In some cases, impetigo can be temporarily debilitating through the formation of blisters near joints. When the blisters are still growing and filling with fluid and remain in their painless state, this isn’t nearly as much a concern—but when the blisters pop and drain their fluid and become open sores and potentially quite painful, this can result in significant discomfort when an affected limb needs to be moved.
Similarly, impetigo can be more than a nuisance for individuals required to wear white uniforms, such as waitpersons in higher-class restaurants. The rupture of an impetigo blister can out-and-out ruin a uniform for a night, especially if the blisters form on the torso. This can make working with impetigo somewhat difficult for many individuals, as minor a problem as small amounts of clothing damage may seem to be.
What does Impetigo treatment look like?
Treatment for impetigo revolves around the treatment of the bacterial infection, first and foremost. Because impetigo infections are localized, general oral antibiotics are usually not required. Instead, the most common form of treatment is the use of neosporin or other antiseptic treatment once the blisters have burst. This will help fight the bacterial infection and eventually allow impetigo to clear, resulting in no more blisters. Impetigo is not a chronic condition and can be cured.
There are some exceptions to this in the form of more serious and severe cases of impetigo. Under some circumstances, general antibiotics administered orally are a more viable option. This is generally either because the impetigo has spread to such a degree that it is more economical and effective to treat it all at once with general antibiotics, or because it is so severe that local antibiotics are not having as profound an effect as they should. The more severe the case of impetigo, the heavier the treatment required.
Secondary bacterial infections resulting from impetigo can usually be treated with the same antibacterial and antibiotic agents, meaning that one treatment will work for both. There are exceptions to this depending upon the nature of the secondary bacterial infection, but for the most part they are rendered much less dire by the simple fact that a single treatment will have an impact on both.

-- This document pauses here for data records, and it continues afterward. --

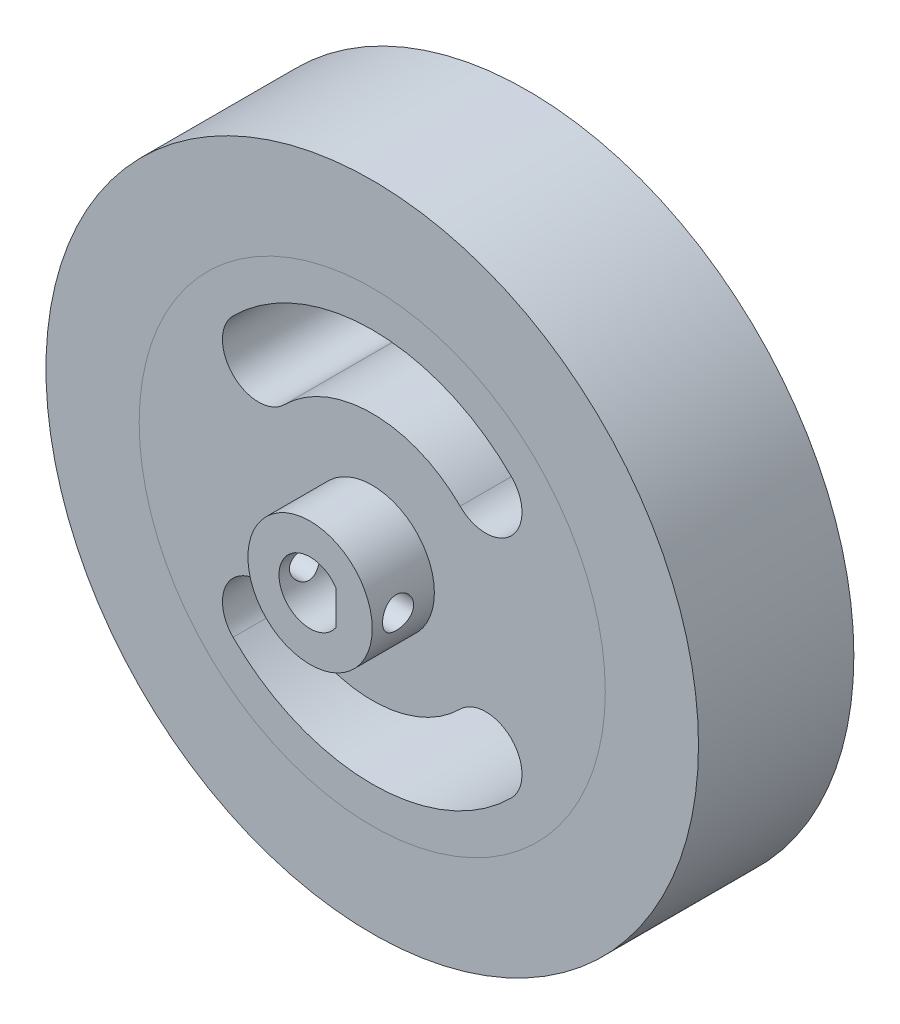
ISO-10303-21;
HEADER;
FILE_DESCRIPTION(('STEP AP214'),'2;1');
FILE_NAME('part.step','',(''),(''),'','','');
FILE_SCHEMA(('AUTOMOTIVE_DESIGN { 1 0 10303 214 1 1 1 1 }'));
ENDSEC;
DATA;
#1=APPLICATION_CONTEXT('core data for automotive mechanical design processes');
#2=APPLICATION_PROTOCOL_DEFINITION('international standard','automotive_design',2000,#1);
#3=PRODUCT_CONTEXT('',#1,'mechanical');
#4=PRODUCT('Part','Part','',(#3));
#5=PRODUCT_RELATED_PRODUCT_CATEGORY('part','',(#4));
#6=PRODUCT_DEFINITION_FORMATION('','',#4);
#7=PRODUCT_DEFINITION_CONTEXT('part definition',#1,'design');
#8=PRODUCT_DEFINITION('design','',#6,#7);
#9=PRODUCT_DEFINITION_SHAPE('','',#8);
#10=(LENGTH_UNIT() NAMED_UNIT(*) SI_UNIT(.MILLI.,.METRE.));
#11=(NAMED_UNIT(*) PLANE_ANGLE_UNIT() SI_UNIT($,.RADIAN.));
#12=(NAMED_UNIT(*) SI_UNIT($,.STERADIAN.) SOLID_ANGLE_UNIT());
#13=UNCERTAINTY_MEASURE_WITH_UNIT(LENGTH_MEASURE(1.E-05),#10,'distance_accuracy_value','');
#14=(GEOMETRIC_REPRESENTATION_CONTEXT(3) GLOBAL_UNCERTAINTY_ASSIGNED_CONTEXT((#13)) GLOBAL_UNIT_ASSIGNED_CONTEXT((#10,
#11,#12)) REPRESENTATION_CONTEXT('',''));
#15=CARTESIAN_POINT('',(0.,0.,0.));
#16=DIRECTION('',(0.,0.,1.));
#17=DIRECTION('',(1.,0.,0.));
#18=AXIS2_PLACEMENT_3D('',#15,#16,#17);
#19=CARTESIAN_POINT('',(0.,0.,15.));
#20=DIRECTION('',(0.,0.,1.));
#21=DIRECTION('',(1.,0.,0.));
#22=AXIS2_PLACEMENT_3D('',#19,#20,#21);
#23=PLANE('',#22);
#24=CARTESIAN_POINT('',(0.,0.,15.));
#25=DIRECTION('',(0.,0.,1.));
#26=DIRECTION('',(1.,0.,0.));
#27=AXIS2_PLACEMENT_3D('',#24,#25,#26);
#28=CIRCLE('',#27,31.5);
#29=CARTESIAN_POINT('',(31.5,0.,15.));
#30=VERTEX_POINT('',#29);
#31=EDGE_CURVE('E244',#30,#30,#28,.T.);
#32=ORIENTED_EDGE('',*,*,#31,.T.);
#33=EDGE_LOOP('',(#32));
#34=FACE_BOUND('',#33,.T.);
#35=CARTESIAN_POINT('',(0.,0.,15.));
#36=DIRECTION('',(0.,0.,1.));
#37=DIRECTION('',(1.,0.,0.));
#38=AXIS2_PLACEMENT_3D('',#35,#36,#37);
#39=CIRCLE('',#38,22.5);
#40=CARTESIAN_POINT('',(22.5,0.,15.));
#41=VERTEX_POINT('',#40);
#42=EDGE_CURVE('E11',#41,#41,#39,.F.);
#43=ORIENTED_EDGE('',*,*,#42,.T.);
#44=EDGE_LOOP('',(#43));
#45=FACE_BOUND('',#44,.T.);
#46=ADVANCED_FACE('F38',(#34,#45),#23,.T.);
#47=CARTESIAN_POINT('',(0.,0.,0.));
#48=DIRECTION('',(0.,0.,1.));
#49=DIRECTION('',(1.,0.,0.));
#50=AXIS2_PLACEMENT_3D('',#47,#48,#49);
#51=PLANE('',#50);
#52=CARTESIAN_POINT('',(0.,0.,0.));
#53=DIRECTION('',(0.,0.,1.));
#54=DIRECTION('',(1.,0.,0.));
#55=AXIS2_PLACEMENT_3D('',#52,#53,#54);
#56=CIRCLE('',#55,31.5);
#57=CARTESIAN_POINT('',(31.5,0.,0.));
#58=VERTEX_POINT('',#57);
#59=EDGE_CURVE('E262',#58,#58,#56,.T.);
#60=ORIENTED_EDGE('',*,*,#59,.F.);
#61=EDGE_LOOP('',(#60));
#62=FACE_BOUND('',#61,.T.);
#63=CARTESIAN_POINT('',(0.,0.,0.));
#64=DIRECTION('',(0.,0.,1.));
#65=DIRECTION('',(1.,0.,0.));
#66=AXIS2_PLACEMENT_3D('',#63,#64,#65);
#67=CIRCLE('',#66,22.5);
#68=CARTESIAN_POINT('',(22.5,0.,0.));
#69=VERTEX_POINT('',#68);
#70=EDGE_CURVE('E48',#69,#69,#67,.F.);
#71=ORIENTED_EDGE('',*,*,#70,.F.);
#72=EDGE_LOOP('',(#71));
#73=FACE_BOUND('',#72,.T.);
#74=ADVANCED_FACE('F228',(#62,#73),#51,.F.);
#75=CARTESIAN_POINT('',(10.9601551083915,10.9601551083915,15.));
#76=DIRECTION('',(0.,0.,1.));
#77=DIRECTION('',(1.,0.,0.));
#78=AXIS2_PLACEMENT_3D('',#75,#76,#77);
#79=CIRCLE('',#78,3.5);
#80=CARTESIAN_POINT('',(8.48528137423857,8.48528137423857,15.));
#81=VERTEX_POINT('',#80);
#82=CARTESIAN_POINT('',(13.4350288425444,13.4350288425444,15.));
#83=VERTEX_POINT('',#82);
#84=EDGE_CURVE('E122',#81,#83,#79,.T.);
#85=ORIENTED_EDGE('',*,*,#84,.F.);
#86=CARTESIAN_POINT('',(0.,0.,15.));
#87=DIRECTION('',(0.,0.,1.));
#88=DIRECTION('',(1.,0.,0.));
#89=AXIS2_PLACEMENT_3D('',#86,#87,#88);
#90=CIRCLE('',#89,12.);
#91=CARTESIAN_POINT('',(-8.4852813742383,8.48528137423884,15.));
#92=VERTEX_POINT('',#91);
#93=EDGE_CURVE('E183',#92,#81,#90,.F.);
#94=ORIENTED_EDGE('',*,*,#93,.F.);
#95=CARTESIAN_POINT('',(-10.9601551083911,10.9601551083918,15.));
#96=DIRECTION('',(0.,0.,1.));
#97=DIRECTION('',(1.,0.,0.));
#98=AXIS2_PLACEMENT_3D('',#95,#96,#97);
#99=CIRCLE('',#98,3.5);
#100=CARTESIAN_POINT('',(-13.435028842544,13.4350288425448,15.));
#101=VERTEX_POINT('',#100);
#102=EDGE_CURVE('E181',#101,#92,#99,.T.);
#103=ORIENTED_EDGE('',*,*,#102,.F.);
#104=CARTESIAN_POINT('',(0.,0.,15.));
#105=DIRECTION('',(0.,0.,1.));
#106=DIRECTION('',(1.,0.,0.));
#107=AXIS2_PLACEMENT_3D('',#104,#105,#106);
#108=CIRCLE('',#107,19.);
#109=EDGE_CURVE('E179',#83,#101,#108,.T.);
#110=ORIENTED_EDGE('',*,*,#109,.F.);
#111=EDGE_LOOP('',(#85,#94,#103,#110));
#112=FACE_BOUND('',#111,.T.);
#113=CARTESIAN_POINT('',(0.,0.,15.));
#114=DIRECTION('',(0.,0.,1.));
#115=DIRECTION('',(1.,0.,0.));
#116=AXIS2_PLACEMENT_3D('',#113,#114,#115);
#117=CIRCLE('',#116,12.);
#118=CARTESIAN_POINT('',(8.48528137423854,-8.4852813742386,15.));
#119=VERTEX_POINT('',#118);
#120=CARTESIAN_POINT('',(-8.48528137423833,-8.48528137423881,15.));
#121=VERTEX_POINT('',#120);
#122=EDGE_CURVE('E177',#119,#121,#117,.F.);
#123=ORIENTED_EDGE('',*,*,#122,.F.);
#124=CARTESIAN_POINT('',(10.9601551083915,-10.9601551083915,15.));
#125=DIRECTION('',(0.,0.,1.));
#126=DIRECTION('',(1.,0.,0.));
#127=AXIS2_PLACEMENT_3D('',#124,#125,#126);
#128=CIRCLE('',#127,3.5);
#129=CARTESIAN_POINT('',(13.4350288425444,-13.4350288425444,15.));
#130=VERTEX_POINT('',#129);
#131=EDGE_CURVE('E175',#130,#119,#128,.T.);
#132=ORIENTED_EDGE('',*,*,#131,.F.);
#133=CARTESIAN_POINT('',(0.,0.,15.));
#134=DIRECTION('',(0.,0.,1.));
#135=DIRECTION('',(1.,0.,0.));
#136=AXIS2_PLACEMENT_3D('',#133,#134,#135);
#137=CIRCLE('',#136,19.);
#138=CARTESIAN_POINT('',(-13.435028842544,-13.4350288425448,15.));
#139=VERTEX_POINT('',#138);
#140=EDGE_CURVE('E173',#139,#130,#137,.T.);
#141=ORIENTED_EDGE('',*,*,#140,.F.);
#142=CARTESIAN_POINT('',(-10.9601551083912,-10.9601551083918,15.));
#143=DIRECTION('',(0.,0.,1.));
#144=DIRECTION('',(1.,0.,0.));
#145=AXIS2_PLACEMENT_3D('',#142,#143,#144);
#146=CIRCLE('',#145,3.5);
#147=EDGE_CURVE('E149',#121,#139,#146,.T.);
#148=ORIENTED_EDGE('',*,*,#147,.F.);
#149=EDGE_LOOP('',(#123,#132,#141,#148));
#150=FACE_BOUND('',#149,.T.);
#151=ORIENTED_EDGE('',*,*,#42,.F.);
#152=EDGE_LOOP('',(#151));
#153=FACE_BOUND('',#152,.T.);
#154=CARTESIAN_POINT('',(0.,0.,15.));
#155=DIRECTION('',(0.,0.,1.));
#156=DIRECTION('',(1.,0.,0.));
#157=AXIS2_PLACEMENT_3D('',#154,#155,#156);
#158=CIRCLE('',#157,6.);
#159=CARTESIAN_POINT('',(6.,0.,15.));
#160=VERTEX_POINT('',#159);
#161=EDGE_CURVE('E250',#160,#160,#158,.T.);
#162=ORIENTED_EDGE('',*,*,#161,.F.);
#163=EDGE_LOOP('',(#162));
#164=FACE_BOUND('',#163,.T.);
#165=ADVANCED_FACE('F226',(#112,#150,#153,#164),#23,.T.);
#166=CARTESIAN_POINT('',(0.,0.,15.));
#167=DIRECTION('',(0.,0.,-1.));
#168=DIRECTION('',(-1.,0.,0.));
#169=AXIS2_PLACEMENT_3D('',#166,#167,#168);
#170=CYLINDRICAL_SURFACE('',#169,31.5);
#171=ORIENTED_EDGE('',*,*,#31,.F.);
#172=EDGE_LOOP('',(#171));
#173=FACE_BOUND('',#172,.T.);
#174=ORIENTED_EDGE('',*,*,#59,.T.);
#175=EDGE_LOOP('',(#174));
#176=FACE_BOUND('',#175,.T.);
#177=ADVANCED_FACE('F40',(#173,#176),#170,.T.);
#178=CARTESIAN_POINT('',(0.,0.,0.));
#179=DIRECTION('',(0.,0.,-1.));
#180=DIRECTION('',(1.,0.,0.));
#181=AXIS2_PLACEMENT_3D('',#178,#179,#180);
#182=CIRCLE('',#181,12.);
#183=CARTESIAN_POINT('',(-8.4852813742383,8.48528137423884,0.));
#184=VERTEX_POINT('',#183);
#185=CARTESIAN_POINT('',(8.48528137423857,8.48528137423857,0.));
#186=VERTEX_POINT('',#185);
#187=EDGE_CURVE('E125',#184,#186,#182,.T.);
#188=ORIENTED_EDGE('',*,*,#187,.T.);
#189=CARTESIAN_POINT('',(10.9601551083915,10.9601551083915,0.));
#190=DIRECTION('',(0.,0.,1.));
#191=DIRECTION('',(1.,0.,0.));
#192=AXIS2_PLACEMENT_3D('',#189,#190,#191);
#193=CIRCLE('',#192,3.5);
#194=CARTESIAN_POINT('',(13.4350288425444,13.4350288425444,0.));
#195=VERTEX_POINT('',#194);
#196=EDGE_CURVE('E119',#186,#195,#193,.T.);
#197=ORIENTED_EDGE('',*,*,#196,.T.);
#198=CARTESIAN_POINT('',(0.,0.,0.));
#199=DIRECTION('',(0.,0.,1.));
#200=DIRECTION('',(1.,0.,0.));
#201=AXIS2_PLACEMENT_3D('',#198,#199,#200);
#202=CIRCLE('',#201,19.);
#203=CARTESIAN_POINT('',(-13.435028842544,13.4350288425448,0.));
#204=VERTEX_POINT('',#203);
#205=EDGE_CURVE('E129',#195,#204,#202,.T.);
#206=ORIENTED_EDGE('',*,*,#205,.T.);
#207=CARTESIAN_POINT('',(-10.9601551083911,10.9601551083918,0.));
#208=DIRECTION('',(0.,0.,1.));
#209=DIRECTION('',(1.,0.,0.));
#210=AXIS2_PLACEMENT_3D('',#207,#208,#209);
#211=CIRCLE('',#210,3.5);
#212=EDGE_CURVE('E134',#204,#184,#211,.T.);
#213=ORIENTED_EDGE('',*,*,#212,.T.);
#214=EDGE_LOOP('',(#188,#197,#206,#213));
#215=FACE_BOUND('',#214,.T.);
#216=CARTESIAN_POINT('',(10.9601551083915,-10.9601551083915,0.));
#217=DIRECTION('',(0.,0.,1.));
#218=DIRECTION('',(-1.,0.,0.));
#219=AXIS2_PLACEMENT_3D('',#216,#217,#218);
#220=CIRCLE('',#219,3.5);
#221=CARTESIAN_POINT('',(13.4350288425444,-13.4350288425444,0.));
#222=VERTEX_POINT('',#221);
#223=CARTESIAN_POINT('',(8.48528137423854,-8.4852813742386,0.));
#224=VERTEX_POINT('',#223);
#225=EDGE_CURVE('E163',#222,#224,#220,.T.);
#226=ORIENTED_EDGE('',*,*,#225,.T.);
#227=CARTESIAN_POINT('',(0.,0.,0.));
#228=DIRECTION('',(0.,0.,-1.));
#229=DIRECTION('',(-1.,0.,0.));
#230=AXIS2_PLACEMENT_3D('',#227,#228,#229);
#231=CIRCLE('',#230,12.);
#232=CARTESIAN_POINT('',(-8.48528137423833,-8.48528137423881,0.));
#233=VERTEX_POINT('',#232);
#234=EDGE_CURVE('E154',#224,#233,#231,.T.);
#235=ORIENTED_EDGE('',*,*,#234,.T.);
#236=CARTESIAN_POINT('',(-10.9601551083912,-10.9601551083918,0.));
#237=DIRECTION('',(0.,0.,1.));
#238=DIRECTION('',(-1.,0.,0.));
#239=AXIS2_PLACEMENT_3D('',#236,#237,#238);
#240=CIRCLE('',#239,3.5);
#241=CARTESIAN_POINT('',(-13.435028842544,-13.4350288425448,0.));
#242=VERTEX_POINT('',#241);
#243=EDGE_CURVE('E157',#233,#242,#240,.T.);
#244=ORIENTED_EDGE('',*,*,#243,.T.);
#245=CARTESIAN_POINT('',(0.,0.,0.));
#246=DIRECTION('',(0.,0.,1.));
#247=DIRECTION('',(-1.,0.,0.));
#248=AXIS2_PLACEMENT_3D('',#245,#246,#247);
#249=CIRCLE('',#248,19.);
#250=EDGE_CURVE('E160',#242,#222,#249,.T.);
#251=ORIENTED_EDGE('',*,*,#250,.T.);
#252=EDGE_LOOP('',(#226,#235,#244,#251));
#253=FACE_BOUND('',#252,.T.);
#254=ORIENTED_EDGE('',*,*,#70,.T.);
#255=EDGE_LOOP('',(#254));
#256=FACE_BOUND('',#255,.T.);
#257=CARTESIAN_POINT('',(0.,0.,0.));
#258=DIRECTION('',(0.,0.,-1.));
#259=DIRECTION('',(-1.,0.,0.));
#260=AXIS2_PLACEMENT_3D('',#257,#258,#259);
#261=CIRCLE('',#260,3.);
#262=CARTESIAN_POINT('',(2.5,-1.6583123951777,0.));
#263=VERTEX_POINT('',#262);
#264=CARTESIAN_POINT('',(2.5,1.6583123951777,0.));
#265=VERTEX_POINT('',#264);
#266=EDGE_CURVE('E256',#263,#265,#261,.T.);
#267=ORIENTED_EDGE('',*,*,#266,.F.);
#268=DIRECTION('',(0.,1.,0.));
#269=VECTOR('',#268,1.);
#270=CARTESIAN_POINT('',(2.5,1.6583123951777,0.));
#271=LINE('',#270,#269);
#272=EDGE_CURVE('E258',#263,#265,#271,.T.);
#273=ORIENTED_EDGE('',*,*,#272,.T.);
#274=EDGE_LOOP('',(#267,#273));
#275=FACE_BOUND('',#274,.T.);
#276=ADVANCED_FACE('F136',(#215,#253,#256,#275),#51,.F.);
#277=CARTESIAN_POINT('',(0.,0.,15.));
#278=DIRECTION('',(0.,0.,-1.));
#279=DIRECTION('',(-1.,0.,0.));
#280=AXIS2_PLACEMENT_3D('',#277,#278,#279);
#281=CYLINDRICAL_SURFACE('',#280,3.);
#282=CARTESIAN_POINT('',(-3.,0.,17.));
#283=CARTESIAN_POINT('',(-2.99999570107562,-0.0788579444268503,17.0000049534758));
#284=CARTESIAN_POINT('',(-2.99685736529635,-0.157809899546344,17.0062551096816));
#285=CARTESIAN_POINT('',(-2.98461234055736,-0.313380352903344,17.0309793205123));
#286=CARTESIAN_POINT('',(-2.97549431743379,-0.389994130070444,17.0494765894967));
#287=CARTESIAN_POINT('',(-2.95224419105063,-0.538400317320673,17.0977907129249));
#288=CARTESIAN_POINT('',(-2.93813158766306,-0.610210204408719,17.127563576372));
#289=CARTESIAN_POINT('',(-2.90618664773642,-0.747708925209897,17.1973559320475));
#290=CARTESIAN_POINT('',(-2.88835460450288,-0.813398240985088,17.2373746163733));
#291=CARTESIAN_POINT('',(-2.84934387387093,-0.941261726642863,17.3292758742279));
#292=CARTESIAN_POINT('',(-2.82802798691306,-1.00298281668316,17.3817297188595));
#293=CARTESIAN_POINT('',(-2.78489955370115,-1.11716916730047,17.4957822188706));
#294=CARTESIAN_POINT('',(-2.76308664313552,-1.16962737466015,17.5573877776587));
#295=CARTESIAN_POINT('',(-2.71948426796021,-1.26787800067542,17.6937250242851));
#296=CARTESIAN_POINT('',(-2.69782780455198,-1.31283800332745,17.7691041475189));
#297=CARTESIAN_POINT('',(-2.65928968158481,-1.38925234033604,17.9275510039793));
#298=CARTESIAN_POINT('',(-2.64240461410484,-1.4207163224495,18.0106131930841));
#299=CARTESIAN_POINT('',(-2.61686800556713,-1.46719866328288,18.1769976581329));
#300=CARTESIAN_POINT('',(-2.6077840737557,-1.48308878562066,18.2600066781011));
#301=CARTESIAN_POINT('',(-2.59772834922792,-1.50064048996327,18.4279682566692));
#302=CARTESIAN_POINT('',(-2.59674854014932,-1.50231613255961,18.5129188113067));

A dilution of hydrogen peroxide administered in the form of a cream has been demonstrated to be as effective as antibiotics for the purposes of destroying impetigo bacteria. While bottled hydrogen peroxide, as is most frequently seen in stores is not effective, being of a much lower concentration and a much faster action, the slow action of a strong hydrogen peroxide cream can effectively keep impetigo at bay for quite some time with a single treatment, making it an effective treatment. For individuals with antibiotic resistances, hydrogen peroxide can make for an effective alternate treatment that will not require stepping up antibiotic strength for a relatively innocuous connection.
How do I know if I have Impetigo?
Impetigo can be diagnosed fairly easily by the presence of symptoms. Impetigo blisters are distinct for their yellow crust after bursting, and for their painlessness while they are still expanding and filling with fluid. That said, impetigo should be diagnosed properly by a medical professional. While impetigo may clear on its own, severe cases of impetigo always require the intervention of a trained medical professional.